Deparment of Biochemistry, Faculty of Medicine, Recep Tayyip Erdogan University, Rize, 53100, Turkey.
Acta Neurol Belg. 2013 Mar;113(1):43-7. doi: 10.1007/s13760-012-0123-0. Epub 2012 Aug 16.
The aim of this study was to investigate the relationship between vitamin D and bone mineral density in newly diagnosed multiple sclerosis (MS) and to compare results with data from healthy controls. A total of 60 subjects, including 30 patients with MS, newly diagnosed and untreated (18 females, 12 males, at 18-40 years of age) and 30 healthy controls (20 female, 10 male) were enrolled in this study. Bone mineral density (BMD) of the lumbar spine and left femoral neck region were measured by dual-energy X-ray absorptiometry (DEXA). Serum levels of 25-hydroxyvitamin D (25OHD) were measured by chemiluminescence microparticle immunoassay (CMIA) on the Architect-i2000(®) (Abbott) system. 25OHD levels of MS patients were significantly lower than in controls. 25OHD levels were 27.2 ± 14.1 ng/ml in MS patients and 42.6 ± 8.8 ng/ml in controls (p = 0.001). Twenty-six (86.6 %) of our patients had a reduced BMD in lumbar spine or femoral neck region; of these 24 patients (80 %) had osteopenia and 2 patients (6.6 %) had osteoporosis. Interestingly, there was no significant correlation between 25OHD and BMD in lumbar spine and femoral neck region (r = 0.454, p = 0,074; r = 0.636, p = 0.082). Interestingly, a significant reduction of bone density in female MS patients was observed. In our study, 25OHD deficiency and lower BMD appeared in newly diagnosed multiple sclerosis. This is compatible with shared etiologic or pathogenic factors in MS and osteopenia/osteoporosis, and calls for an active approach to optimize bone health in early stages of MS.
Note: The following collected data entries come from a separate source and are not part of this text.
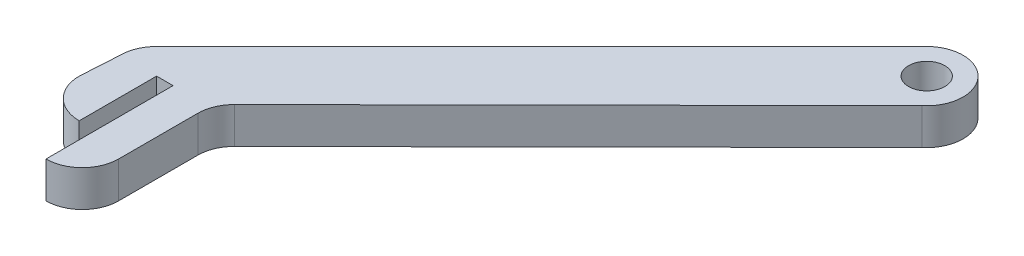
ISO-10303-21;
HEADER;
FILE_DESCRIPTION(('STEP AP214'),'2;1');
FILE_NAME('part.step','',(''),(''),'','','');
FILE_SCHEMA(('AUTOMOTIVE_DESIGN { 1 0 10303 214 1 1 1 1 }'));
ENDSEC;
DATA;
#1=APPLICATION_CONTEXT('core data for automotive mechanical design processes');
#2=APPLICATION_PROTOCOL_DEFINITION('international standard','automotive_design',2000,#1);
#3=PRODUCT_CONTEXT('',#1,'mechanical');
#4=PRODUCT('Part','Part','',(#3));
#5=PRODUCT_RELATED_PRODUCT_CATEGORY('part','',(#4));
#6=PRODUCT_DEFINITION_FORMATION('','',#4);
#7=PRODUCT_DEFINITION_CONTEXT('part definition',#1,'design');
#8=PRODUCT_DEFINITION('design','',#6,#7);
#9=PRODUCT_DEFINITION_SHAPE('','',#8);
#10=(LENGTH_UNIT() NAMED_UNIT(*) SI_UNIT(.MILLI.,.METRE.));
#11=(NAMED_UNIT(*) PLANE_ANGLE_UNIT() SI_UNIT($,.RADIAN.));
#12=(NAMED_UNIT(*) SI_UNIT($,.STERADIAN.) SOLID_ANGLE_UNIT());
#13=UNCERTAINTY_MEASURE_WITH_UNIT(LENGTH_MEASURE(1.E-05),#10,'distance_accuracy_value','');
#14=(GEOMETRIC_REPRESENTATION_CONTEXT(3) GLOBAL_UNCERTAINTY_ASSIGNED_CONTEXT((#13)) GLOBAL_UNIT_ASSIGNED_CONTEXT((#10,
#11,#12)) REPRESENTATION_CONTEXT('',''));
#15=CARTESIAN_POINT('',(0.,0.,0.));
#16=DIRECTION('',(0.,0.,1.));
#17=DIRECTION('',(1.,0.,0.));
#18=AXIS2_PLACEMENT_3D('',#15,#16,#17);
#19=CARTESIAN_POINT('',(-14.4847879877651,10.,-0.886993363347131));
#20=DIRECTION('',(-0.998130320604424,0.,-0.0611217071923654));
#21=DIRECTION('',(-0.0611217071923654,0.,0.998130320604424));
#22=AXIS2_PLACEMENT_3D('',#19,#20,#21);
#23=PLANE('',#22);
#24=DIRECTION('',(0.0611217071923654,0.,-0.998130320604424));
#25=VECTOR('',#24,1.);
#26=CARTESIAN_POINT('',(-14.4847879877651,0.,-0.886993363347131));
#27=LINE('',#26,#25);
#28=CARTESIAN_POINT('',(-15.1914108706071,0.,10.6523067805086));
#29=VERTEX_POINT('',#28);
#30=CARTESIAN_POINT('',(-14.5391040900985,0.,0.));
#31=VERTEX_POINT('',#30);
#32=EDGE_CURVE('E153',#29,#31,#27,.T.);
#33=ORIENTED_EDGE('',*,*,#32,.F.);
#34=DIRECTION('',(0.,-1.,0.));
#35=VECTOR('',#34,1.);
#36=CARTESIAN_POINT('',(-15.1914108706071,10.,10.6523067805086));
#37=LINE('',#36,#35);
#38=CARTESIAN_POINT('',(-15.1914108706071,10.,10.6523067805086));
#39=VERTEX_POINT('',#38);
#40=EDGE_CURVE('E11',#39,#29,#37,.T.);
#41=ORIENTED_EDGE('',*,*,#40,.F.);
#42=DIRECTION('',(0.0611217071923654,0.,-0.998130320604424));
#43=VECTOR('',#42,1.);
#44=CARTESIAN_POINT('',(-14.4847879877651,10.,-0.886993363347131));
#45=LINE('',#44,#43);
#46=CARTESIAN_POINT('',(-14.5391040900985,10.,0.));
#47=VERTEX_POINT('',#46);
#48=EDGE_CURVE('E184',#39,#47,#45,.T.);
#49=ORIENTED_EDGE('',*,*,#48,.T.);
#50=DIRECTION('',(0.,-1.,0.));
#51=VECTOR('',#50,1.);
#52=CARTESIAN_POINT('',(-14.5391040900985,10.,0.));
#53=LINE('',#52,#51);
#54=EDGE_CURVE('E97',#47,#31,#53,.T.);
#55=ORIENTED_EDGE('',*,*,#54,.T.);
#56=EDGE_LOOP('',(#33,#41,#49,#55));
#57=FACE_BOUND('',#56,.T.);
#58=ADVANCED_FACE('F35',(#57),#23,.T.);
#59=CARTESIAN_POINT('',(-4.53910409009851,10.,10.6523067805086));
#60=DIRECTION('',(0.,-1.,0.));
#61=DIRECTION('',(0.,0.,-1.));
#62=AXIS2_PLACEMENT_3D('',#59,#60,#61);
#63=CYLINDRICAL_SURFACE('',#62,10.6523067805086);
#64=CARTESIAN_POINT('',(-4.53910409009851,0.,10.6523067805086));
#65=DIRECTION('',(0.,1.,0.));
#66=DIRECTION('',(0.,0.,1.));
#67=AXIS2_PLACEMENT_3D('',#64,#65,#66);
#68=CIRCLE('',#67,10.6523067805086);
#69=CARTESIAN_POINT('',(-4.53910409009851,0.,21.3046135610172));
#70=VERTEX_POINT('',#69);
#71=EDGE_CURVE('E156',#29,#70,#68,.T.);
#72=ORIENTED_EDGE('',*,*,#71,.T.);
#73=DIRECTION('',(0.,-1.,0.));
#74=VECTOR('',#73,1.);
#75=CARTESIAN_POINT('',(-4.53910409009851,10.,21.3046135610172));
#76=LINE('',#75,#74);
#77=CARTESIAN_POINT('',(-4.53910409009851,10.,21.3046135610172));
#78=VERTEX_POINT('',#77);
#79=EDGE_CURVE('E43',#78,#70,#76,.T.);
#80=ORIENTED_EDGE('',*,*,#79,.F.);
#81=CARTESIAN_POINT('',(-4.53910409009851,10.,10.6523067805086));
#82=DIRECTION('',(0.,1.,0.));
#83=DIRECTION('',(0.,0.,1.));
#84=AXIS2_PLACEMENT_3D('',#81,#82,#83);
#85=CIRCLE('',#84,10.6523067805086);
#86=EDGE_CURVE('E222',#39,#78,#85,.T.);
#87=ORIENTED_EDGE('',*,*,#86,.F.);
#88=ORIENTED_EDGE('',*,*,#40,.T.);
#89=EDGE_LOOP('',(#72,#80,#87,#88));
#90=FACE_BOUND('',#89,.T.);
#91=ADVANCED_FACE('F210',(#90),#63,.T.);
#92=CARTESIAN_POINT('',(-4.53910409009851,10.,0.));
#93=DIRECTION('',(1.,0.,0.));
#94=DIRECTION('',(0.,0.,-1.));
#95=AXIS2_PLACEMENT_3D('',#92,#93,#94);
#96=PLANE('',#95);
#97=DIRECTION('',(0.,0.,1.));
#98=VECTOR('',#97,1.);
#99=CARTESIAN_POINT('',(-4.53910409009851,0.,0.));
#100=LINE('',#99,#98);
#101=CARTESIAN_POINT('',(-4.53910409009851,0.,0.));
#102=VERTEX_POINT('',#101);
#103=EDGE_CURVE('E160',#102,#70,#100,.T.);
#104=ORIENTED_EDGE('',*,*,#103,.F.);
#105=DIRECTION('',(0.,-1.,0.));
#106=VECTOR('',#105,1.);
#107=CARTESIAN_POINT('',(-4.53910409009851,10.,0.));
#108=LINE('',#107,#106);
#109=CARTESIAN_POINT('',(-4.53910409009851,10.,0.));
#110=VERTEX_POINT('',#109);
#111=EDGE_CURVE('E200',#110,#102,#108,.T.);
#112=ORIENTED_EDGE('',*,*,#111,.F.);
#113=DIRECTION('',(0.,0.,1.));
#114=VECTOR('',#113,1.);
#115=CARTESIAN_POINT('',(-4.53910409009851,10.,0.));
#116=LINE('',#115,#114);
#117=EDGE_CURVE('E207',#110,#78,#116,.T.);
#118=ORIENTED_EDGE('',*,*,#117,.T.);
#119=ORIENTED_EDGE('',*,*,#79,.T.);
#120=EDGE_LOOP('',(#104,#112,#118,#119));
#121=FACE_BOUND('',#120,.T.);
#122=ADVANCED_FACE('F205',(#121),#96,.T.);
#123=CARTESIAN_POINT('',(0.,10.,0.));
#124=DIRECTION('',(0.,0.,1.));
#125=DIRECTION('',(1.,0.,0.));
#126=AXIS2_PLACEMENT_3D('',#123,#124,#125);
#127=PLANE('',#126);
#128=DIRECTION('',(-1.,0.,0.));
#129=VECTOR('',#128,1.);
#130=CARTESIAN_POINT('',(0.,0.,0.));
#131=LINE('',#130,#129);
#132=CARTESIAN_POINT('',(0.,0.,0.));
#133=VERTEX_POINT('',#132);
#134=EDGE_CURVE('E163',#133,#102,#131,.T.);
#135=ORIENTED_EDGE('',*,*,#134,.F.);
#136=DIRECTION('',(0.,-1.,0.));
#137=VECTOR('',#136,1.);
#138=CARTESIAN_POINT('',(0.,10.,0.));
#139=LINE('',#138,#137);
#140=CARTESIAN_POINT('',(0.,10.,0.));
#141=VERTEX_POINT('',#140);
#142=EDGE_CURVE('E198',#141,#133,#139,.T.);
#143=ORIENTED_EDGE('',*,*,#142,.F.);
#144=DIRECTION('',(-1.,0.,0.));
#145=VECTOR('',#144,1.);
#146=CARTESIAN_POINT('',(0.,10.,0.));
#147=LINE('',#146,#145);
#148=EDGE_CURVE('E221',#141,#110,#147,.T.);
#149=ORIENTED_EDGE('',*,*,#148,.T.);
#150=ORIENTED_EDGE('',*,*,#111,.T.);
#151=EDGE_LOOP('',(#135,#143,#149,#150));
#152=FACE_BOUND('',#151,.T.);
#153=ADVANCED_FACE('F217',(#152),#127,.T.);
#154=CARTESIAN_POINT('',(0.,10.,0.));
#155=DIRECTION('',(1.,0.,0.));
#156=DIRECTION('',(0.,0.,-1.));
#157=AXIS2_PLACEMENT_3D('',#154,#155,#156);
#158=PLANE('',#157);
#159=DIRECTION('',(0.,0.,1.));
#160=VECTOR('',#159,1.);
#161=CARTESIAN_POINT('',(0.,0.,0.));
#162=LINE('',#161,#160);
#163=CARTESIAN_POINT('',(0.,0.,35.));
#164=VERTEX_POINT('',#163);
#165=EDGE_CURVE('E166',#133,#164,#162,.T.);
#166=ORIENTED_EDGE('',*,*,#165,.T.);
#167=DIRECTION('',(0.,-1.,0.));
#168=VECTOR('',#167,1.);
#169=CARTESIAN_POINT('',(0.,10.,35.));
#170=LINE('',#169,#168);
#171=CARTESIAN_POINT('',(0.,10.,35.));
#172=VERTEX_POINT('',#171);
#173=EDGE_CURVE('E195',#172,#164,#170,.T.);
#174=ORIENTED_EDGE('',*,*,#173,.F.);
#175=DIRECTION('',(0.,0.,1.));
#176=VECTOR('',#175,1.);
#177=CARTESIAN_POINT('',(0.,10.,0.));
#178=LINE('',#177,#176);
#179=EDGE_CURVE('E224',#141,#172,#178,.T.);
#180=ORIENTED_EDGE('',*,*,#179,.F.);
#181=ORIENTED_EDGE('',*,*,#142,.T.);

本研究旨在探讨新诊断多发性硬化症(MS)患者维生素 D 与骨密度之间的关系,并将结果与健康对照组数据进行比较。共纳入 60 例受试者,包括 30 例新诊断且未经治疗的 MS 患者(18 名女性,12 名男性,年龄 18-40 岁)和 30 例健康对照组(20 名女性,10 名男性)。采用双能 X 线吸收法(DEXA)测量腰椎和左侧股骨颈区的骨密度(BMD)。采用化学发光微粒子免疫分析法(CMIA)在 Architect-i2000(®)(雅培)系统上检测血清 25-羟维生素 D(25OHD)水平。MS 患者的 25OHD 水平明显低于对照组。MS 患者的 25OHD 水平为 27.2±14.1ng/ml,对照组为 42.6±8.8ng/ml(p=0.001)。我们的 26 例(86.6%)患者腰椎或股骨颈区域的 BMD 降低;其中 24 例(80%)患者存在骨质疏松症,2 例(6.6%)患者存在骨质疏松症。有趣的是,25OHD 与腰椎和股骨颈区域的 BMD 之间无显著相关性(r=0.454,p=0.074;r=0.636,p=0.082)。有趣的是,女性 MS 患者的骨密度明显降低。在本研究中,新诊断的多发性硬化症患者存在 25OHD 缺乏和较低的 BMD。这与 MS 和骨质疏松症中存在共同的病因或发病机制一致,需要在 MS 早期积极采取措施优化骨骼健康。